Bit manipulation instructions are instructions that perform bit manipulation operations in hardware, rather than requiring several instructions for those operations as illustrated with examples in software.[1] Several leading as well as historic architectures have bit manipulation instructions including ARM, WDC 65C02, the TX-2 and the Power ISA.[2]

Bit manipulation is usually divided into subsets as individual instructions can be costly to implement in hardware when the target application has no justification. Conversely, if there is a justification then performance may suffer if the instruction is excluded. Carrying out the cost-benefit analysis is a complex task: one of the most comprehensive efforts in bit manipulation was a collaboration headed by Clare Wolfe, providing justifications, use-cases, c code, proofs and Verilog for each proposed instruction.[3][4]

Particular practical examples include Bit banging of GPIO using a low-cost Embedded controller such as the WDC 65C02, 8051 and Atmel PIC. At the slow clock rate of these CPUs, if bit-set/clear/test bit manipulation were not available the use of that low-cost CPU would, self-evidently, not be viable for the target application.

Note:

In something of a Wikipedia Fourth wall breakage note: GPUs and other highly-specialist tasks such as cryptography tend to result in extreme-specialist instructions, wthout which performance would suck. Examples include AES instruction set extensions that cannot in any way be used for any other purpose. GPUs such as Larrabee[5] and Nyuzi attempted to "dial back" this practice to some extent, only to discover why it is done (performance sucks otherwise... seeing a trend, here?).

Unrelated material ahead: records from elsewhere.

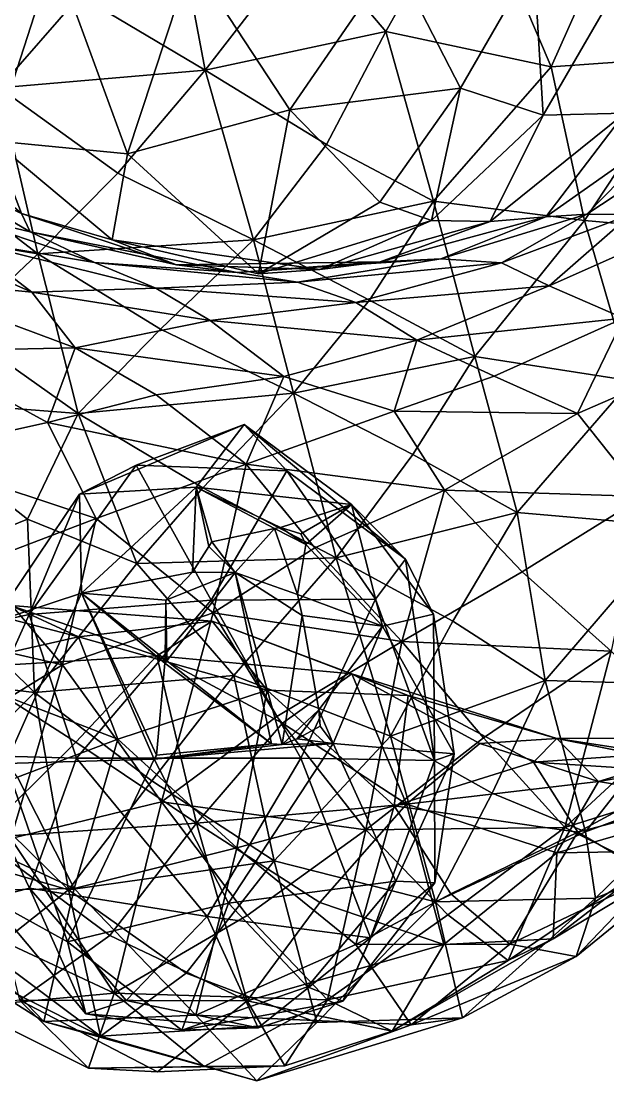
# Model space of a CAD drawing. Extents: x 373697 to 374058, y 6959904 to 6960301.
# Drawn here: x 373932.45 to 373948.75, y 6960173.18 to 6960202.63 of the extents above; entities that cross this region are included whole.
import ezdxf

# ---------------------------------------------------------------- set-up
doc = ezdxf.new("R2010")
doc.units = 0
doc.layers.add('Bht_Fk', color=7, linetype='CONTINUOUS')

msp = doc.modelspace()

# ---------------------------------------------------------------- linework, layer by layer
at = {"layer": 'Bht_Fk'}
for points in [[(373942.588, 6960202.347, 53.135), (373944.959, 6960206.584, 53.824), (373940.397, 6960204.93, 51.606)], [(373942.588, 6960202.347, 53.135), (373947.175, 6960201.366, 55.877), (373944.959, 6960206.584, 53.824)], [(373947.175, 6960201.366, 55.877), (373949.377, 6960206.3, 56.685), (373944.959, 6960206.584, 53.824)], [(373947.175, 6960201.366, 55.877), (373951.106, 6960201.646, 58.453), (373949.377, 6960206.3, 56.685)], [(373937.565, 6960201.274, 51.15), (373936.687, 6960205.935, 49.893), (373934.085, 6960203.347, 49.456)], [(373940.397, 6960204.93, 51.606), (373936.687, 6960205.935, 49.893), (373937.565, 6960201.274, 51.15)], [(373934.085, 6960203.347, 49.456), (373931.012, 6960205.383, 48.315), (373931.841, 6960200.783, 49.477)], [(373937.565, 6960201.274, 51.15), (373942.588, 6960202.347, 53.135), (373940.397, 6960204.93, 51.606)], [(373933.371, 6960204.517, 94.405), (373931.687, 6960199.311, 91.798), (373929.358, 6960204.291, 91.318)], [(373935.406, 6960198.944, 94.969), (373931.687, 6960199.311, 91.798), (373933.371, 6960204.517, 94.405)], [(373937.189, 6960204.336, 96.47), (373935.406, 6960198.944, 94.969), (373933.371, 6960204.517, 94.405)], [(373939.919, 6960200.169, 97.336), (373935.406, 6960198.944, 94.969), (373937.189, 6960204.336, 96.47)], [(373937.189, 6960204.336, 96.47), (373942.805, 6960204.381, 98.407), (373939.919, 6960200.169, 97.336)], [(373944.659, 6960200.778, 98.298), (373939.919, 6960200.169, 97.336), (373942.805, 6960204.381, 98.407)], [(373946.699, 6960204.311, 98.913), (373944.659, 6960200.778, 98.298), (373942.805, 6960204.381, 98.407)], [(373946.953, 6960200.023, 97.859), (373946.699, 6960204.311, 98.913), (373949.614, 6960204.616, 98.722)], [(373949.229, 6960200.077, 96.892), (373946.953, 6960200.023, 97.859), (373949.614, 6960204.616, 98.722)], [(373944.659, 6960200.778, 98.298), (373946.699, 6960204.311, 98.913), (373946.953, 6960200.023, 97.859)], [(373931.841, 6960200.783, 49.477), (373937.565, 6960201.274, 51.15), (373934.085, 6960203.347, 49.456)], [(373940.938, 6960199.21, 53.114), (373942.588, 6960202.347, 53.135), (373937.565, 6960201.274, 51.15)], [(373940.938, 6960199.21, 53.114), (373943.91, 6960197.63, 55.003), (373942.588, 6960202.347, 53.135)], [(373943.91, 6960197.63, 55.003), (373947.175, 6960201.366, 55.877), (373942.588, 6960202.347, 53.135)], [(373951.106, 6960201.646, 58.453), (373947.175, 6960201.366, 55.877), (373948.107, 6960197.097, 57.46)], [(373948.107, 6960197.097, 57.46), (373952.396, 6960196.715, 60.408), (373951.106, 6960201.646, 58.453)], [(373931.841, 6960200.783, 49.477), (373935.134, 6960198.415, 51.111), (373937.565, 6960201.274, 51.15)], [(373935.134, 6960198.415, 51.111), (373938.903, 6960196.557, 53.118), (373937.565, 6960201.274, 51.15)], [(373937.565, 6960201.274, 51.15), (373938.903, 6960196.557, 53.118), (373940.938, 6960199.21, 53.114)], [(373948.107, 6960197.097, 57.46), (373947.175, 6960201.366, 55.877), (373943.91, 6960197.63, 55.003)], [(373932.915, 6960196.168, 51.232), (373931.841, 6960200.783, 49.477), (373929.59, 6960198.721, 49.619)], [(373932.915, 6960196.168, 51.232), (373935.134, 6960198.415, 51.111), (373931.841, 6960200.783, 49.477)], [(373944.659, 6960200.778, 98.298), (373942.419, 6960197.607, 97.453), (373939.919, 6960200.169, 97.336)], [(373942.419, 6960197.607, 97.453), (373944.659, 6960200.778, 98.298), (373943.851, 6960197.092, 96.663)], [(373943.851, 6960197.092, 96.663), (373944.659, 6960200.778, 98.298), (373946.953, 6960200.023, 97.859)], [(373932.466, 6960197.287, 90.347), (373928.877, 6960200.358, 89.072), (373931.687, 6960199.311, 91.798)], [(373929.478, 6960198.657, 87.846), (373928.877, 6960200.358, 89.072), (373932.466, 6960197.287, 90.347)], [(373935.406, 6960198.944, 94.969), (373939.919, 6960200.169, 97.336), (373939.05, 6960195.614, 95.55)], [(373942.419, 6960197.607, 97.453), (373939.05, 6960195.614, 95.55), (373939.919, 6960200.169, 97.336)], [(373945.484, 6960197.068, 95.396), (373943.851, 6960197.092, 96.663), (373946.953, 6960200.023, 97.859)], [(373949.229, 6960200.077, 96.892), (373945.484, 6960197.068, 95.396), (373946.953, 6960200.023, 97.859)], [(373945.484, 6960197.068, 95.396), (373949.229, 6960200.077, 96.892), (373947.033, 6960197.196, 94.096)], [(373947.033, 6960197.196, 94.096), (373949.229, 6960200.077, 96.892), (373950.472, 6960199.629, 95.499)], [(373947.033, 6960197.196, 94.096), (373950.472, 6960199.629, 95.499), (373948.172, 6960197.27, 93.154)], [(373948.172, 6960197.27, 93.154), (373950.472, 6960199.629, 95.499), (373951.811, 6960199.668, 94.108)], [(373948.172, 6960197.27, 93.154), (373951.811, 6960199.668, 94.108), (373949.394, 6960197.266, 92.197)], [(373931.687, 6960199.311, 91.798), (373934.985, 6960196.554, 92.751), (373932.466, 6960197.287, 90.347)], [(373935.406, 6960198.944, 94.969), (373934.985, 6960196.554, 92.751), (373931.687, 6960199.311, 91.798)], [(373938.903, 6960196.557, 53.118), (373943.91, 6960197.63, 55.003), (373940.938, 6960199.21, 53.114)], [(373939.05, 6960195.614, 95.55), (373934.985, 6960196.554, 92.751), (373935.406, 6960198.944, 94.969)], [(373927.4, 6960197.067, 49.881), (373932.915, 6960196.168, 51.232), (373929.59, 6960198.721, 49.619)], [(373932.466, 6960197.287, 90.347), (373932.702, 6960196.777, 88.698), (373929.478, 6960198.657, 87.846)], [(373932.702, 6960196.777, 88.698), (373930.362, 6960197.339, 86.361), (373929.478, 6960198.657, 87.846)], [(373935.134, 6960198.415, 51.111), (373932.915, 6960196.168, 51.232), (373938.903, 6960196.557, 53.118)], [(373942.129, 6960194.881, 55.049), (373943.91, 6960197.63, 55.003), (373938.903, 6960196.557, 53.118)], [(373939.05, 6960195.614, 95.55), (373942.419, 6960197.607, 97.453), (373943.851, 6960197.092, 96.663)], [(373942.129, 6960194.881, 55.049), (373945.056, 6960193.319, 56.938), (373943.91, 6960197.63, 55.003)], [(373948.107, 6960197.097, 57.46), (373943.91, 6960197.63, 55.003), (373945.056, 6960193.319, 56.938)], [(373930.362, 6960197.339, 86.361), (373932.702, 6960196.777, 88.698), (373934.486, 6960195.93, 87.505)], [(373934.486, 6960195.93, 87.505), (373930.883, 6960196.527, 84.802), (373930.362, 6960197.339, 86.361)], [(373932.466, 6960197.287, 90.347), (373934.985, 6960196.554, 92.751), (373936.772, 6960195.859, 91.538)], [(373936.772, 6960195.859, 91.538), (373932.702, 6960196.777, 88.698), (373932.466, 6960197.287, 90.347)], [(373944.112, 6960196.032, 91.978), (373947.033, 6960197.196, 94.096), (373948.172, 6960197.27, 93.154)], [(373948.172, 6960197.27, 93.154), (373945.795, 6960195.916, 90.779), (373944.112, 6960196.032, 91.978)], [(373945.795, 6960195.916, 90.779), (373948.172, 6960197.27, 93.154), (373949.394, 6960197.266, 92.197)], [(373949.394, 6960197.266, 92.197), (373947.124, 6960195.277, 89.31), (373945.795, 6960195.916, 90.779)], [(373951.107, 6960197.052, 90.99), (373947.124, 6960195.277, 89.31), (373949.394, 6960197.266, 92.197)], [(373927.4, 6960197.067, 49.881), (373930.708, 6960194.08, 51.409), (373932.915, 6960196.168, 51.232)], [(373930.883, 6960196.527, 84.802), (373932.748, 6960195.102, 83.501), (373928.113, 6960197.157, 82.327)], [(373932.748, 6960195.102, 83.501), (373928.697, 6960195.51, 80.658), (373928.113, 6960197.157, 82.327)], [(373943.851, 6960197.092, 96.663), (373940.747, 6960195.734, 94.377), (373939.05, 6960195.614, 95.55)], [(373940.747, 6960195.734, 94.377), (373943.851, 6960197.092, 96.663), (373945.484, 6960197.068, 95.396)], [(373945.484, 6960197.068, 95.396), (373942.428, 6960195.948, 93.176), (373940.747, 6960195.734, 94.377)], [(373942.428, 6960195.948, 93.176), (373947.033, 6960197.196, 94.096), (373944.112, 6960196.032, 91.978)], [(373942.428, 6960195.948, 93.176), (373945.484, 6960197.068, 95.396), (373947.033, 6960197.196, 94.096)], [(373949.398, 6960192.636, 59.509), (373948.107, 6960197.097, 57.46), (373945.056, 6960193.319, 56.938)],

This page is not about such specialised instructions, nor even of their functionality. It covers useful Categorisation of the existence in CPUs and CPU families, of general-purpose bit-manipulation instructions that happen to greatly improve performance or power consumption of specific algorithms. An example is cryptography making heavy use of rotate, but rotate having many other practical uses elsewhere: just not as many as, say, Add. Such ISA design trade-offs are notoriously meticulous but ultimately pragmatic.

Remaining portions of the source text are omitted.